在使用训练数据集中的图像训练目标检测模型之后,使用测试数据集中的剩余 25 个图像来评估该模型在它以前从未见过的新数据上的性能。
由于默认批次大小为 64,因此只需一个步骤即可遍历测试数据集中的 25 个图像。
评估指标与 COCO 相同。
model.evaluate(test_data)
1/1 [==============================] - 6s 6s/step {'AP': 0.1919611, 'AP50': 0.34319812, 'AP75': 0.1862729, 'APs': -1.0, 'APm': 0.3241761, 'APl': 0.1923377, 'ARmax1': 0.16314393, 'ARmax10': 0.3077774, 'ARmax100': 0.35298797, 'ARs': -1.0, 'ARm': 0.55, 'ARl': 0.35037425, 'AP_/Baked Goods': 0.008910891, 'AP_/Salad': 0.5489583, 'AP_/Cheese': 0.15109558, 'AP_/Seafood': 0.05949282, 'AP_/Tomato': 0.19134793}
第 5 步:导出为 TensorFlow Lite 模型
通过指定要将量化模型导出到的文件夹,将训练的目标检测模型导出为 TensorFlow Lite 格式。默认的训练后量化技术是全整数量化。
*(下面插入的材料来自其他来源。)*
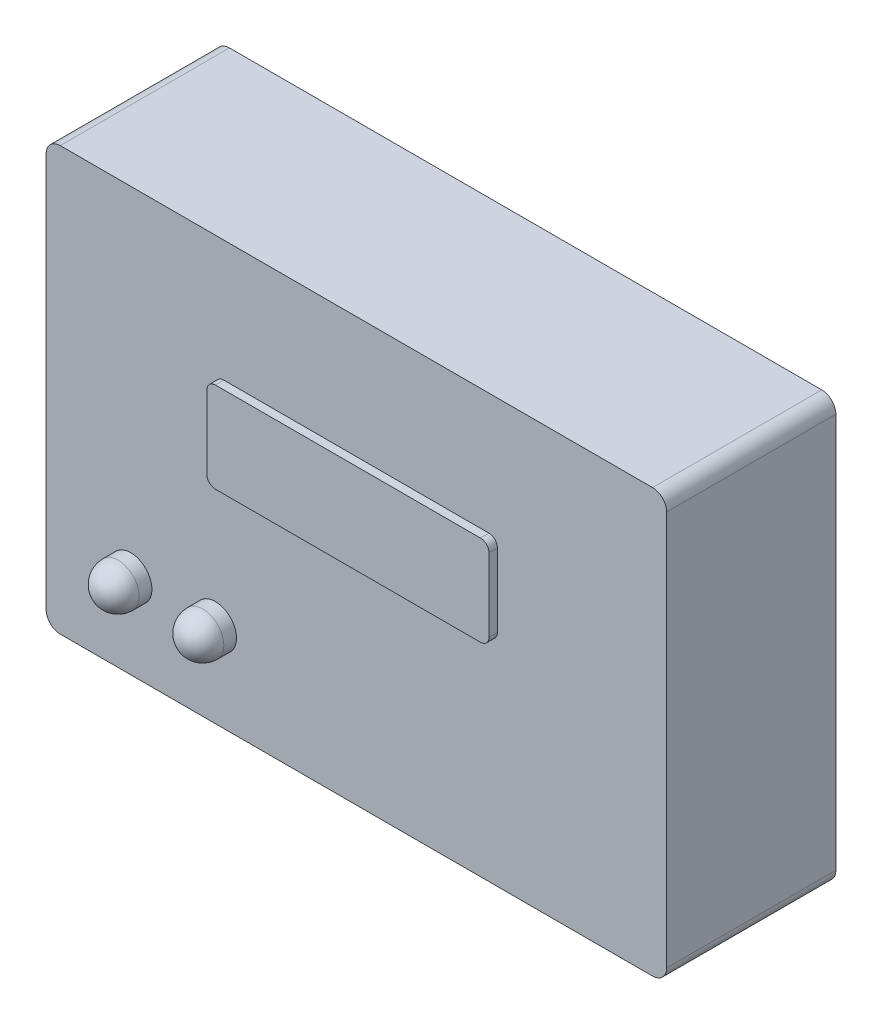
ISO-10303-21;
HEADER;
FILE_DESCRIPTION(('STEP AP214'),'2;1');
FILE_NAME('part.step','',(''),(''),'','','');
FILE_SCHEMA(('AUTOMOTIVE_DESIGN { 1 0 10303 214 1 1 1 1 }'));
ENDSEC;
DATA;
#1=APPLICATION_CONTEXT('core data for automotive mechanical design processes');
#2=APPLICATION_PROTOCOL_DEFINITION('international standard','automotive_design',2000,#1);
#3=PRODUCT_CONTEXT('',#1,'mechanical');
#4=PRODUCT('Part','Part','',(#3));
#5=PRODUCT_RELATED_PRODUCT_CATEGORY('part','',(#4));
#6=PRODUCT_DEFINITION_FORMATION('','',#4);
#7=PRODUCT_DEFINITION_CONTEXT('part definition',#1,'design');
#8=PRODUCT_DEFINITION('design','',#6,#7);
#9=PRODUCT_DEFINITION_SHAPE('','',#8);
#10=(LENGTH_UNIT() NAMED_UNIT(*) SI_UNIT(.MILLI.,.METRE.));
#11=(NAMED_UNIT(*) PLANE_ANGLE_UNIT() SI_UNIT($,.RADIAN.));
#12=(NAMED_UNIT(*) SI_UNIT($,.STERADIAN.) SOLID_ANGLE_UNIT());
#13=UNCERTAINTY_MEASURE_WITH_UNIT(LENGTH_MEASURE(1.E-05),#10,'distance_accuracy_value','');
#14=(GEOMETRIC_REPRESENTATION_CONTEXT(3) GLOBAL_UNCERTAINTY_ASSIGNED_CONTEXT((#13)) GLOBAL_UNIT_ASSIGNED_CONTEXT((#10,
#11,#12)) REPRESENTATION_CONTEXT('',''));
#15=CARTESIAN_POINT('',(0.,0.,0.));
#16=DIRECTION('',(0.,0.,1.));
#17=DIRECTION('',(1.,0.,0.));
#18=AXIS2_PLACEMENT_3D('',#15,#16,#17);
#19=CARTESIAN_POINT('',(-50.,-45.,42.));
#20=DIRECTION('',(0.,0.,-1.));
#21=DIRECTION('',(-1.,0.,0.));
#22=AXIS2_PLACEMENT_3D('',#19,#20,#21);
#23=CYLINDRICAL_SURFACE('',#22,7.5);
#24=CARTESIAN_POINT('',(-50.,-45.,34.5));
#25=DIRECTION('',(0.,0.,-1.));
#26=DIRECTION('',(-1.,0.,0.));
#27=AXIS2_PLACEMENT_3D('',#24,#25,#26);
#28=CIRCLE('',#27,7.5);
#29=CARTESIAN_POINT('',(-57.5,-45.,34.5));
#30=VERTEX_POINT('',#29);
#31=EDGE_CURVE('E11',#30,#30,#28,.T.);
#32=ORIENTED_EDGE('',*,*,#31,.T.);
#33=EDGE_LOOP('',(#32));
#34=FACE_BOUND('',#33,.T.);
#35=CARTESIAN_POINT('',(-50.,-45.,30.));
#36=DIRECTION('',(0.,0.,1.));
#37=DIRECTION('',(1.,0.,0.));
#38=AXIS2_PLACEMENT_3D('',#35,#36,#37);
#39=CIRCLE('',#38,7.5);
#40=CARTESIAN_POINT('',(-42.5,-45.,30.));
#41=VERTEX_POINT('',#40);
#42=EDGE_CURVE('E61',#41,#41,#39,.T.);
#43=ORIENTED_EDGE('',*,*,#42,.T.);
#44=EDGE_LOOP('',(#43));
#45=FACE_BOUND('',#44,.T.);
#46=ADVANCED_FACE('F54',(#34,#45),#23,.T.);
#47=CARTESIAN_POINT('',(-50.,-45.,30.));
#48=DIRECTION('',(0.,0.,1.));
#49=DIRECTION('',(1.,0.,0.));
#50=AXIS2_PLACEMENT_3D('',#47,#48,#49);
#51=PLANE('',#50);
#52=ORIENTED_EDGE('',*,*,#42,.F.);
#53=EDGE_LOOP('',(#52));
#54=FACE_BOUND('',#53,.T.);
#55=ADVANCED_FACE('F68',(#54),#51,.F.);
#56=CARTESIAN_POINT('',(-50.,-45.,34.5));
#57=DIRECTION('',(0.,0.,1.));
#58=DIRECTION('',(1.,0.,0.));
#59=AXIS2_PLACEMENT_3D('',#56,#57,#58);
#60=SPHERICAL_SURFACE('',#59,7.5);
#61=ORIENTED_EDGE('',*,*,#31,.F.);
#62=EDGE_LOOP('',(#61));
#63=FACE_BOUND('',#62,.T.);
#64=ADVANCED_FACE('F56',(#63),#60,.T.);
#65=CLOSED_SHELL('',(#46,#55,#64));
#66=MANIFOLD_SOLID_BREP('B2',#65);
#67=CARTESIAN_POINT('',(-80.,-45.,42.));
#68=DIRECTION('',(0.,0.,-1.));
#69=DIRECTION('',(-1.,0.,0.));
#70=AXIS2_PLACEMENT_3D('',#67,#68,#69);
#71=CYLINDRICAL_SURFACE('',#70,7.50000000000001);
#72=CARTESIAN_POINT('',(-80.,-45.,34.5));
#73=DIRECTION('',(0.,0.,-1.));
#74=DIRECTION('',(-1.,0.,0.));
#75=AXIS2_PLACEMENT_3D('',#72,#73,#74);
#76=CIRCLE('',#75,7.50000000000001);
#77=CARTESIAN_POINT('',(-87.5,-45.,34.5));
#78=VERTEX_POINT('',#77);
#79=EDGE_CURVE('E53',#78,#78,#76,.T.);
#80=ORIENTED_EDGE('',*,*,#79,.T.);
#81=EDGE_LOOP('',(#80));
#82=FACE_BOUND('',#81,.T.);
#83=CARTESIAN_POINT('',(-80.,-45.,30.));
#84=DIRECTION('',(0.,0.,1.));
#85=DIRECTION('',(1.,0.,0.));
#86=AXIS2_PLACEMENT_3D('',#83,#84,#85);
#87=CIRCLE('',#86,7.50000000000001);
#88=CARTESIAN_POINT('',(-72.5,-45.,30.));
#89=VERTEX_POINT('',#88);
#90=EDGE_CURVE('E112',#89,#89,#87,.T.);
#91=ORIENTED_EDGE('',*,*,#90,.T.);
#92=EDGE_LOOP('',(#91));
#93=FACE_BOUND('',#92,.T.);
#94=ADVANCED_FACE('F105',(#82,#93),#71,.T.);
#95=CARTESIAN_POINT('',(-80.,-45.,30.));
#96=DIRECTION('',(0.,0.,1.));
#97=DIRECTION('',(1.,0.,0.));
#98=AXIS2_PLACEMENT_3D('',#95,#96,#97);
#99=PLANE('',#98);
#100=ORIENTED_EDGE('',*,*,#90,.F.);
#101=EDGE_LOOP('',(#100));
#102=FACE_BOUND('',#101,.T.);
#103=ADVANCED_FACE('F119',(#102),#99,.F.);
#104=CARTESIAN_POINT('',(-80.,-45.,34.5));
#105=DIRECTION('',(0.,0.,1.));
#106=DIRECTION('',(1.,0.,0.));
#107=AXIS2_PLACEMENT_3D('',#104,#105,#106);
#108=SPHERICAL_SURFACE('',#107,7.5);
#109=ORIENTED_EDGE('',*,*,#79,.F.);
#110=EDGE_LOOP('',(#109));
#111=FACE_BOUND('',#110,.T.);
#112=ADVANCED_FACE('F107',(#111),#108,.T.);
#113=CLOSED_SHELL('',(#94,#103,#112));
#114=MANIFOLD_SOLID_BREP('B6',#113);
#115=CARTESIAN_POINT('',(47.,3.,33.));
#116=DIRECTION('',(0.,0.,-1.));
#117=DIRECTION('',(-1.,0.,0.));
#118=AXIS2_PLACEMENT_3D('',#115,#116,#117);
#119=CYLINDRICAL_SURFACE('',#118,3.);
#120=CARTESIAN_POINT('',(47.,3.,30.));
#121=DIRECTION('',(0.,0.,1.));
#122=DIRECTION('',(1.,0.,0.));
#123=AXIS2_PLACEMENT_3D('',#120,#121,#122);
#124=CIRCLE('',#123,3.);
#125=CARTESIAN_POINT('',(47.,0.,30.));
#126=VERTEX_POINT('',#125);
#127=CARTESIAN_POINT('',(50.,3.00000000000002,30.));
#128=VERTEX_POINT('',#127);
#129=EDGE_CURVE('E250',#126,#128,#124,.T.);
#130=ORIENTED_EDGE('',*,*,#129,.T.);
#131=DIRECTION('',(0.,0.,-1.));
#132=VECTOR('',#131,1.);
#133=CARTESIAN_POINT('',(50.,3.00000000000002,33.));
#134=LINE('',#133,#132);
#135=CARTESIAN_POINT('',(50.,3.00000000000002,33.));
#136=VERTEX_POINT('',#135);
#137=EDGE_CURVE('E103',#136,#128,#134,.T.);
#138=ORIENTED_EDGE('',*,*,#137,.F.);
#139=CARTESIAN_POINT('',(47.,3.,33.));
#140=DIRECTION('',(0.,0.,1.));
#141=DIRECTION('',(1.,0.,0.));
#142=AXIS2_PLACEMENT_3D('',#139,#140,#141);
#143=CIRCLE('',#142,3.);
#144=CARTESIAN_POINT('',(47.,0.,33.));
#145=VERTEX_POINT('',#144);
#146=EDGE_CURVE('E264',#145,#136,#143,.T.);
#147=ORIENTED_EDGE('',*,*,#146,.F.);
#148=DIRECTION('',(0.,0.,-1.));
#149=VECTOR('',#148,1.);
#150=CARTESIAN_POINT('',(47.,0.,33.));
#151=LINE('',#150,#149);
#152=EDGE_CURVE('E246',#145,#126,#151,.T.);
#153=ORIENTED_EDGE('',*,*,#152,.T.);
#154=EDGE_LOOP('',(#130,#138,#147,#153));
#155=FACE_BOUND('',#154,.T.);
#156=ADVANCED_FACE('F154',(#155),#119,.T.);
#157=CARTESIAN_POINT('',(50.,29.,33.));
#158=DIRECTION('',(-1.,0.,0.));
#159=DIRECTION('',(0.,0.,1.));
#160=AXIS2_PLACEMENT_3D('',#157,#158,#159);
#161=PLANE('',#160);
#162=DIRECTION('',(0.,1.,0.));
#163=VECTOR('',#162,1.);
#164=CARTESIAN_POINT('',(50.,29.,30.));
#165=LINE('',#164,#163);
#166=CARTESIAN_POINT('',(50.,29.,30.));
#167=VERTEX_POINT('',#166);
#168=EDGE_CURVE('E253',#128,#167,#165,.T.);
#169=ORIENTED_EDGE('',*,*,#168,.T.);
#170=DIRECTION('',(0.,0.,-1.));
#171=VECTOR('',#170,1.);
#172=CARTESIAN_POINT('',(50.,29.,33.));
#173=LINE('',#172,#171);
#174=CARTESIAN_POINT('',(50.,29.,33.));
#175=VERTEX_POINT('',#174);
#176=EDGE_CURVE('E162',#175,#167,#173,.T.);
#177=ORIENTED_EDGE('',*,*,#176,.F.);
#178=DIRECTION('',(0.,1.,0.));
#179=VECTOR('',#178,1.);
#180=CARTESIAN_POINT('',(50.,29.,33.));
#181=LINE('',#180,#179);
#182=EDGE_CURVE('E213',#136,#175,#181,.T.);
#183=ORIENTED_EDGE('',*,*,#182,.F.);
#184=ORIENTED_EDGE('',*,*,#137,.T.);
#185=EDGE_LOOP('',(#169,#177,#183,#184));
#186=FACE_BOUND('',#185,.T.);
#187=ADVANCED_FACE('F299',(#186),#161,.F.);
#188=CARTESIAN_POINT('',(47.,29.,33.));
#189=DIRECTION('',(0.,0.,-1.));
#190=DIRECTION('',(-1.,0.,0.));
#191=AXIS2_PLACEMENT_3D('',#188,#189,#190);
#192=CYLINDRICAL_SURFACE('',#191,3.);
#193=CARTESIAN_POINT('',(47.,29.,30.));
#194=DIRECTION('',(0.,0.,1.));
#195=DIRECTION('',(-1.,0.,0.));
#196=AXIS2_PLACEMENT_3D('',#193,#194,#195);
#197=CIRCLE('',#196,3.);
#198=CARTESIAN_POINT('',(47.,32.,30.));
#199=VERTEX_POINT('',#198);
#200=EDGE_CURVE('E255',#167,#199,#197,.T.);
#201=ORIENTED_EDGE('',*,*,#200,.T.);
#202=DIRECTION('',(0.,0.,-1.));
#203=VECTOR('',#202,1.);
#204=CARTESIAN_POINT('',(47.,32.,33.));
#205=LINE('',#204,#203);
#206=CARTESIAN_POINT('',(47.,32.,33.));
#207=VERTEX_POINT('',#206);
#208=EDGE_CURVE('E271',#207,#199,#205,.T.);
#209=ORIENTED_EDGE('',*,*,#208,.F.);
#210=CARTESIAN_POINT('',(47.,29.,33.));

model.export(export_dir='.')
2022-08-31 02:23:43.606436: W tensorflow/python/util/util.cc:368] Sets are not currently considered sequences, but this may change in the future, so consider avoiding using them. 2022-08-31 02:24:08.865819: W tensorflow/core/common_runtime/graph_constructor.cc:803] Node 'resample_p7/PartitionedCall' has 1 outputs but the _output_shapes attribute specifies shapes for 3 outputs. Output shapes may be inaccurate. 2022-08-31 02:24:16.164308: W tensorflow/compiler/mlir/lite/python/tf_tfl_flatbuffer_helpers.cc:357] Ignored output_format. 2022-08-31 02:24:16.164355: W tensorflow/compiler/mlir/lite/python/tf_tfl_flatbuffer_helpers.cc:360] Ignored drop_control_dependency. fully_quantize: 0, inference_type: 6, input_inference_type: 3, output_inference_type: 0
第 6 步:评估 TensorFlow Lite 模型。
在导出为 TFLite 时,有几个因素可能会影响模型准确率:
- 量化有助于将模型大小缩小为原来的四分一直,但代价是准确率会略微下降。
- 原始 TensorFlow 模型使用每个类的非极大值抑制 (NMS) 进行后处理,而 TFLite 模型使用全局 NMS,速度快得多,但准确率较低。Keras 最多输出 100 个检测,而 Tflite 最多输出 25 个检测。
因此,您必须评估导出的 TFLite 模型,并将其准确率与原始 TensorFlow 模型进行比较。
model.evaluate_tflite('model.tflite', test_data)
INFO: Created TensorFlow Lite XNNPACK delegate for CPU. 25/25 [==============================] - 67s 3s/step {'AP': 0.18182021, 'AP50': 0.31197006, 'AP75': 0.19087325, 'APs': -1.0, 'APm': 0.2809451, 'APl': 0.18239675, 'ARmax1': 0.14099042, 'ARmax10': 0.25025177, 'ARmax100': 0.26311275, 'ARs': -1.0, 'ARm': 0.34166667, 'ARl': 0.26235557, 'AP_/Baked Goods': 0.0, 'AP_/Salad': 0.5375744, 'AP_/Cheese': 0.14260961, 'AP_/Seafood': 0.05841584, 'AP_/Tomato': 0.17050114}
您可以使用 Colab 的左侧边栏下载 TensorFlow Lite 模型文件。右键点击 model.tflite
文件,然后选择 Download
将其下载到本地计算机。
可以使用 TensorFlow Lite Task Library 的 ObjectDetector API 将此模型集成到 Android 或 iOS 应用中。
有关如何在工作应用中使用模型的更多详细信息,请参阅 TFLite 目标检测示例应用。
注:Android Studio Model Binding 目前还不支持目标检测,请使用 TensorFlow Lite Task Library。
(可选)在您的图像上测试 TFLite 模型
您可以使用互联网上的图像测试训练后的 TFLite 模型。
- 将下面的
INPUT_IMAGE_URL
替换为所需的输入图像。 - 调整
DETECTION_THRESHOLD
以更改模型的灵敏度。较低的阈值意味着模型将拾取更多对象,但也会有更多的错误检测。与此同时,更高的阈值意味着该模型将只拾取它确信检测到的对象。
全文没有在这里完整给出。